Traditionally there have been several industries, which have benefited greatly from using invoice factoring to solve their financial requirements due to their specific cash flow operation.
What characterises these industries is their uneven cash flow balance i.e. they need to pay their suppliers or work force on a more regular basis than they receive cash from their debtors.
Typical industries:
- Recruitment and Temp Agencies
- Haulage
- Couriers
- Exporters
- Manufacturers
- Special case: Insolvency Practitioners
The basic problem faced with recruitment agencies, especially temp agencies, is that they pay their temp staff on a weekly basis from their balance sheet but don’t receive payment from their contracts as regularly – this short fall in cash flow must be addressed in some manner and factoring fits the bill perfectly.
Factoring is a service that a very large percent of the recruitment industry uses and because of this there are many factors who specialise in products especially for the industry.
When we constructed our panel of factors we realised that recruitment factoring would be a popular area and this is reflected in the factoring companies we work with.
The haulage industry has been using factoring extensively for a long period of time now due mainly to its dependence on available cash flow to pay wages and operating costs of vehicles.
The cash flow crunch happens because customers are businesses who require to be invoiced, and the work is invoiced but the invoice may not be paid for a month at the least.
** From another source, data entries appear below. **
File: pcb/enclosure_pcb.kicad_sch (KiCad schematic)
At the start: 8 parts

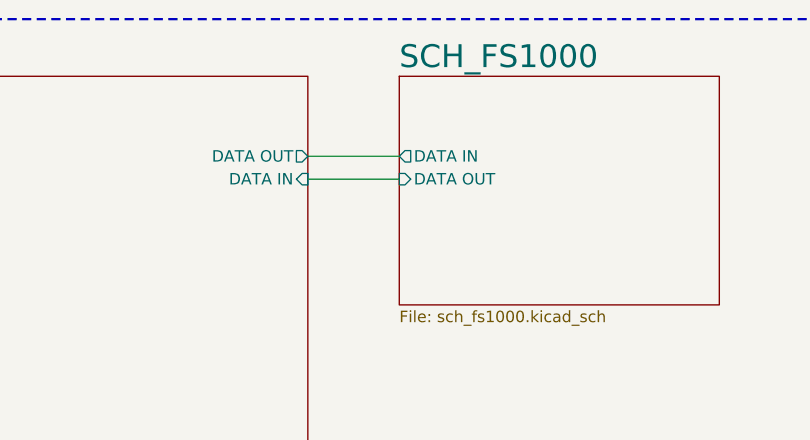
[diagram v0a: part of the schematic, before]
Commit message: feat(layout): component placement
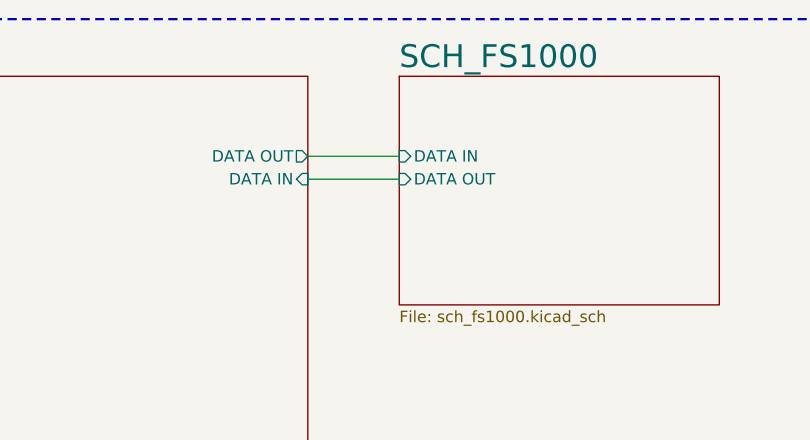
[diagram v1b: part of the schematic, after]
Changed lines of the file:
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@@
 			)
 		)
-		(pin "DATA IN" output
+		(pin "DATA IN" input
 			(at 210.82 35.56 180)
 			(effects

During the period that invoices remain unpaid, staff wages and petrol must be funded – this short fall in cash can be met with a bank overdraft initially but when the company grows and the cash short fall gets larger the company can potentially grow itself out of business.
By using factoring services haulage companies are able to keep their cash flow healthy and help secure new contracts allowing them to grow.
Couriers find themselves in the same boat as haulage and distribution companies – a vast majority of their customers are businesses who are invoiced but until those invoices are paid, costs, including wages, need to be paid. This causes a shortfall in cash and a source of funding has to be found to allow the courier to continue operating.
To satisfy this need of cash to pay staff and costs many successfully turn to invoice factors. By using factoring, courier companies can get advances on their larger invoices (couriers will have many invoices – some of them will me for smaller amounts where the courier may feel it is not worth the discount to factor) to allow them cash to pay suppliers and staff.
As an export company there are several things a factor can help you with:
- Cash against your unpaid export and domestic invoices.
- Advances can be in the currency of your choice.
- Many factors will provide you with credit information on clients before you trade taking away most of the risk.
Some factoring companies will advance as much as 90% of the value of your unpaid export and domestic sales invoices and many will make advances within 24 hours of the invoice being raised.
Because customer relationships are paramount to your company’s success, the invoice factor will make sure that you remain in control of your customer relationships at all times.
Manufacturers face a problem – suppliers need to be paid to deliver supplies to continue manufacturing but when goods are sent to the wholesaler or the company making the order, the invoice raised may not be paid for a long period.
Finding the liquidity to continue to pay suppliers allows certain manufacturers to grow and prosper – those who can’t find it may go out of business even if they run a successful operation.
Manufacturer factoring allows raised invoices for goods delivered to be discounted and cashed providing the cash to pay suppliers for more raw supplies. The operation becomes more fluid and the risk of facing cash flow problems disappears.
Many successful manufacturers have used factoring and discounting to help fund their growth and provide a smother cash flow situation – many factoring companies specialise in manufacturer services and solutions due to its popularity.
One of the main goals of an insolvency practitioner is to secure lines of fines for the immediate future to allow restructuring of the company in distress – due to the nature of the funding factoring offers, many insolvency practitioners see this as the first port of call when approaching a case.
As with all other instances where the use of an invoice factor is being discussed there are must be certain qualifiers for the company in question, these being:
- invoices to be factored must be to other businesses and not private individuals
- the invoice should be simple with a clear sign-off process
- the turnover of the company should be around a minimum of £50k (otherwise minimum fees might be too high)
- there is no legal reason why invoices or debts cannot be sold to third parties
If the company meets these requirements (and a very large number do) then the insolvency practitioner can immediately bring in a factor and discount the sales ledger to offer immediate and smooth cash flow.
During the whole restructuring process many invoice practitioners retain the use of the factor until the company is in a healthy enough state to be handed back to the management – we have found that when the management retake control many are so impressed with the service they continue to use it.